И это было единственное, чем можно было пронять наглую образину. Вечно сукровично-влажное, это место было единственным в ее короткошерстой географии, куда она не могла дотянуться никак и никогда. Испуская сладострастные стоны, дрожа всем телом в оргазмических конвульсиях, она только таким образом могла испытать это чувство, отдаленно схожее с природным. Трижды приносившая приплод, Гунька тем не менее имела весьма смутное представление о процессе зачатия и родах, так как при первом из вышеупомянутых действ она служила лишь обонятельной наживкой для перевозбужденного кобеля, который, нанюхавшись до одури сладкими Гунькиными живительными соками, допускался в результате лишь до тряпичного муляжа и, прикусив в экстазе вываленный на сторону язык, разряжался в поллитровую стеклянную банку с помощью двух высокооплачиваемых консультантов по высокопородной случке. Чуть позже они же обеспечивали при помощи стерильной трубочки, воронки и ротовых вдуваний нежное и аккуратное проникновение в Гуньку драгоценных генов, отъятых за последние пару сотен лет у всех этих ленивых обжор — Мак'ов и Фон'ов. Однажды Павлик услышал, как, привезя Гуньку после очередной случки, мама со смехом рассказывала деду о том, как слегка промахнувшись, Ксюха, мастер по случке, вынуждена была набрать полный рот собачьей спермы, перемешанной с физраствором, и медленно, чтобы не загубить дело, выпускать ее в трубочку. Что-то в процессе медленного выпускания пришлось и сглотнуть… Таинство же дето… вернее, щенорождения, так таинством для Гуньки и осталось навсегда. Она просто крепко спала, когда доктор, вполне человечий, а не собачий, служивший, как правило, хирургом в Кремлевке или, по крайней мере, в Четвертом главном управлении, кесарил ее, привязанную скрученными бинтами к кухонному столу, своим кремлевским скальпелем, вскрывая по очереди сначала левый, а затем правый маточный рог.

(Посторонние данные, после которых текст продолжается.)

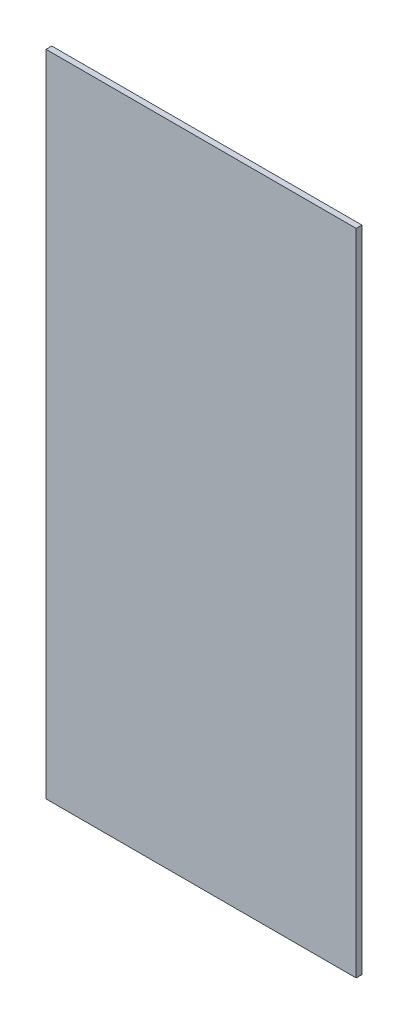
ISO-10303-21;
HEADER;
FILE_DESCRIPTION(('STEP AP214'),'2;1');
FILE_NAME('part.step','',(''),(''),'','','');
FILE_SCHEMA(('AUTOMOTIVE_DESIGN { 1 0 10303 214 1 1 1 1 }'));
ENDSEC;
DATA;
#1=APPLICATION_CONTEXT('core data for automotive mechanical design processes');
#2=APPLICATION_PROTOCOL_DEFINITION('international standard','automotive_design',2000,#1);
#3=PRODUCT_CONTEXT('',#1,'mechanical');
#4=PRODUCT('Part','Part','',(#3));
#5=PRODUCT_RELATED_PRODUCT_CATEGORY('part','',(#4));
#6=PRODUCT_DEFINITION_FORMATION('','',#4);
#7=PRODUCT_DEFINITION_CONTEXT('part definition',#1,'design');
#8=PRODUCT_DEFINITION('design','',#6,#7);
#9=PRODUCT_DEFINITION_SHAPE('','',#8);
#10=(LENGTH_UNIT() NAMED_UNIT(*) SI_UNIT(.MILLI.,.METRE.));
#11=(NAMED_UNIT(*) PLANE_ANGLE_UNIT() SI_UNIT($,.RADIAN.));
#12=(NAMED_UNIT(*) SI_UNIT($,.STERADIAN.) SOLID_ANGLE_UNIT());
#13=UNCERTAINTY_MEASURE_WITH_UNIT(LENGTH_MEASURE(1.E-05),#10,'distance_accuracy_value','');
#14=(GEOMETRIC_REPRESENTATION_CONTEXT(3) GLOBAL_UNCERTAINTY_ASSIGNED_CONTEXT((#13)) GLOBAL_UNIT_ASSIGNED_CONTEXT((#10,
#11,#12)) REPRESENTATION_CONTEXT('',''));
#15=CARTESIAN_POINT('',(0.,0.,0.));
#16=DIRECTION('',(0.,0.,1.));
#17=DIRECTION('',(1.,0.,0.));
#18=AXIS2_PLACEMENT_3D('',#15,#16,#17);
#19=CARTESIAN_POINT('',(-43.,50.,1.6));
#20=DIRECTION('',(0.,-1.,0.));
#21=DIRECTION('',(0.,0.,-1.));
#22=AXIS2_PLACEMENT_3D('',#19,#20,#21);
#23=PLANE('',#22);
#24=DIRECTION('',(-1.,0.,0.));
#25=VECTOR('',#24,1.);
#26=CARTESIAN_POINT('',(-43.,50.,0.));
#27=LINE('',#26,#25);
#28=CARTESIAN_POINT('',(43.,50.,0.));
#29=VERTEX_POINT('',#28);
#30=CARTESIAN_POINT('',(-43.,50.,0.));
#31=VERTEX_POINT('',#30);
#32=EDGE_CURVE('E95',#29,#31,#27,.T.);
#33=ORIENTED_EDGE('',*,*,#32,.T.);
#34=DIRECTION('',(0.,0.,-1.));
#35=VECTOR('',#34,1.);
#36=CARTESIAN_POINT('',(-43.,50.,1.6));
#37=LINE('',#36,#35);
#38=CARTESIAN_POINT('',(-43.,50.,1.6));
#39=VERTEX_POINT('',#38);
#40=EDGE_CURVE('E48',#39,#31,#37,.T.);
#41=ORIENTED_EDGE('',*,*,#40,.F.);
#42=DIRECTION('',(-1.,0.,0.));
#43=VECTOR('',#42,1.);
#44=CARTESIAN_POINT('',(-43.,50.,1.6));
#45=LINE('',#44,#43);
#46=CARTESIAN_POINT('',(43.,50.,1.6));
#47=VERTEX_POINT('',#46);
#48=EDGE_CURVE('E86',#47,#39,#45,.T.);
#49=ORIENTED_EDGE('',*,*,#48,.F.);
#50=DIRECTION('',(0.,0.,-1.));
#51=VECTOR('',#50,1.);
#52=CARTESIAN_POINT('',(43.,50.,1.6));
#53=LINE('',#52,#51);
#54=EDGE_CURVE('E11',#47,#29,#53,.T.);
#55=ORIENTED_EDGE('',*,*,#54,.T.);
#56=EDGE_LOOP('',(#33,#41,#49,#55));
#57=FACE_BOUND('',#56,.T.);
#58=ADVANCED_FACE('F39',(#57),#23,.F.);
#59=CARTESIAN_POINT('',(-43.,-50.,1.6));
#60=DIRECTION('',(1.,0.,0.));
#61=DIRECTION('',(0.,1.,0.));
#62=AXIS2_PLACEMENT_3D('',#59,#60,#61);
#63=PLANE('',#62);
#64=DIRECTION('',(0.,-1.,0.));
#65=VECTOR('',#64,1.);
#66=CARTESIAN_POINT('',(-43.,-50.,0.));
#67=LINE('',#66,#65);
#68=CARTESIAN_POINT('',(-43.,-130.,0.));
#69=VERTEX_POINT('',#68);
#70=EDGE_CURVE('E73',#31,#69,#67,.T.);
#71=ORIENTED_EDGE('',*,*,#70,.T.);
#72=DIRECTION('',(0.,0.,-1.));
#73=VECTOR('',#72,1.);
#74=CARTESIAN_POINT('',(-43.,-130.,1.6));
#75=LINE('',#74,#73);
#76=CARTESIAN_POINT('',(-43.,-130.,1.6));
#77=VERTEX_POINT('',#76);
#78=EDGE_CURVE('E97',#77,#69,#75,.T.);
#79=ORIENTED_EDGE('',*,*,#78,.F.);
#80=DIRECTION('',(0.,-1.,0.));
#81=VECTOR('',#80,1.);
#82=CARTESIAN_POINT('',(-43.,-50.,1.6));
#83=LINE('',#82,#81);
#84=EDGE_CURVE('E90',#39,#77,#83,.T.);
#85=ORIENTED_EDGE('',*,*,#84,.F.);
#86=ORIENTED_EDGE('',*,*,#40,.T.);
#87=EDGE_LOOP('',(#71,#79,#85,#86));
#88=FACE_BOUND('',#87,.T.);
#89=ADVANCED_FACE('F98',(#88),#63,.F.);
#90=CARTESIAN_POINT('',(43.,-130.,1.6));
#91=DIRECTION('',(0.,1.,0.));
#92=DIRECTION('',(0.,0.,1.));
#93=AXIS2_PLACEMENT_3D('',#90,#91,#92);
#94=PLANE('',#93);
#95=DIRECTION('',(1.,0.,0.));
#96=VECTOR('',#95,1.);
#97=CARTESIAN_POINT('',(43.,-130.,0.));
#98=LINE('',#97,#96);
#99=CARTESIAN_POINT('',(43.,-130.,0.));
#100=VERTEX_POINT('',#99);
#101=EDGE_CURVE('E80',#69,#100,#98,.T.);
#102=ORIENTED_EDGE('',*,*,#101,.T.);
#103=DIRECTION('',(0.,0.,-1.));
#104=VECTOR('',#103,1.);
#105=CARTESIAN_POINT('',(43.,-130.,1.6));
#106=LINE('',#105,#104);
#107=CARTESIAN_POINT('',(43.,-130.,1.6));
#108=VERTEX_POINT('',#107);
#109=EDGE_CURVE('E104',#108,#100,#106,.T.);
#110=ORIENTED_EDGE('',*,*,#109,.F.);
#111=DIRECTION('',(1.,0.,0.));
#112=VECTOR('',#111,1.);
#113=CARTESIAN_POINT('',(43.,-130.,1.6));
#114=LINE('',#113,#112);
#115=EDGE_CURVE('E101',#77,#108,#114,.T.);
#116=ORIENTED_EDGE('',*,*,#115,.F.);
#117=ORIENTED_EDGE('',*,*,#78,.T.);
#118=EDGE_LOOP('',(#102,#110,#116,#117));
#119=FACE_BOUND('',#118,.T.);
#120=ADVANCED_FACE('F120',(#119),#94,.F.);
#121=CARTESIAN_POINT('',(43.,-50.,1.6));
#122=DIRECTION('',(-1.,0.,0.));
#123=DIRECTION('',(0.,-1.,0.));
#124=AXIS2_PLACEMENT_3D('',#121,#122,#123);
#125=PLANE('',#124);
#126=DIRECTION('',(0.,1.,0.));
#127=VECTOR('',#126,1.);
#128=CARTESIAN_POINT('',(43.,-50.,0.));
#129=LINE('',#128,#127);
#130=EDGE_CURVE('E114',#100,#29,#129,.T.);
#131=ORIENTED_EDGE('',*,*,#130,.T.);
#132=ORIENTED_EDGE('',*,*,#54,.F.);
#133=DIRECTION('',(0.,1.,0.));
#134=VECTOR('',#133,1.);
#135=CARTESIAN_POINT('',(43.,-50.,1.6));
#136=LINE('',#135,#134);
#137=EDGE_CURVE('E56',#108,#47,#136,.T.);
#138=ORIENTED_EDGE('',*,*,#137,.F.);
#139=ORIENTED_EDGE('',*,*,#109,.T.);
#140=EDGE_LOOP('',(#131,#132,#138,#139));
#141=FACE_BOUND('',#140,.T.);
#142=ADVANCED_FACE('F124',(#141),#125,.F.);
#143=CARTESIAN_POINT('',(0.,0.,1.6));
#144=DIRECTION('',(0.,0.,-1.));
#145=DIRECTION('',(-1.,0.,0.));
#146=AXIS2_PLACEMENT_3D('',#143,#144,#145);
#147=PLANE('',#146);
#148=ORIENTED_EDGE('',*,*,#137,.T.);
#149=ORIENTED_EDGE('',*,*,#48,.T.);
#150=ORIENTED_EDGE('',*,*,#84,.T.);
#151=ORIENTED_EDGE('',*,*,#115,.T.);
#152=EDGE_LOOP('',(#148,#149,#150,#151));
#153=FACE_BOUND('',#152,.T.);
#154=ADVANCED_FACE('F88',(#153),#147,.F.);
#155=CARTESIAN_POINT('',(0.,0.,0.));
#156=DIRECTION('',(0.,0.,-1.));
#157=DIRECTION('',(-1.,0.,0.));
#158=AXIS2_PLACEMENT_3D('',#155,#156,#157);
#159=PLANE('',#158);
#160=ORIENTED_EDGE('',*,*,#32,.F.);
#161=ORIENTED_EDGE('',*,*,#130,.F.);
#162=ORIENTED_EDGE('',*,*,#101,.F.);
#163=ORIENTED_EDGE('',*,*,#70,.F.);
#164=EDGE_LOOP('',(#160,#161,#162,#163));
#165=FACE_BOUND('',#164,.T.);
#166=ADVANCED_FACE('F123',(#165),#159,.T.);
#167=CLOSED_SHELL('',(#58,#89,#120,#142,#154,#166));
#168=MANIFOLD_SOLID_BREP('B2',#167);
#169=ADVANCED_BREP_SHAPE_REPRESENTATION('',(#18,#168),#14);
#170=SHAPE_DEFINITION_REPRESENTATION(#9,#169);
ENDSEC;
END-ISO-10303-21;

В свои тринадцать Павлик в кухню не допускался. Он встречал в коридоре ассистентку хирурга, выносившую из кухни пять, шесть или семь раз крошечных бульдожат с зажимом на пуповине, завернутых в мягкую фланельку, и трепетно принимал их в руки. И каждый раз сердце его замирало от нежности, и каждый раз что-то теплое и вязкое расползалось у него внутри, заполняя все щелочки до последней. Потом это «что-то» медленно остывало, но каждое утро процесс возобновлялся с новой силой, и Павлик несся в дедушкину комнату смотреть на произошедшие за ночь изменения. И маленький насос, возникший неизвестно откуда у него внутри, не уставал перекачивать эту нежную субстанцию до тех пор, пока не был продан последний из новорожденных…
На деньги от первого помета они купили дачу — небольшой, но уютный домик на шести сотках недалеко от Ново-Иерусалимского монастыря. Это была давнишняя мамина мечта. Последние пару лет, когда Гунька окончательно состарилась, даже, скорее, одряхлела, потому что уже почти ничего не слышала и практически ослепла, Павлик, каждый раз приезжая на дачу, первым делом выводил ее на улицу и подсаживал на раскладушку, где она и лежала весь день, уставившись в одну точку своим мутным, подслеповатым взглядом…
— Гунька, Гунька! — позвал он собаку. — Гулять пойдем? Мне дед велел осуществлять за тобой… этот… Догляд! И дать витамины!
Гунька не ответила. Не ответила, потому что ее не было нигде. Дверь в квартиру была заперта изнутри, и Павлику стало страшно. Странно как-то вдруг захолодело внизу живота…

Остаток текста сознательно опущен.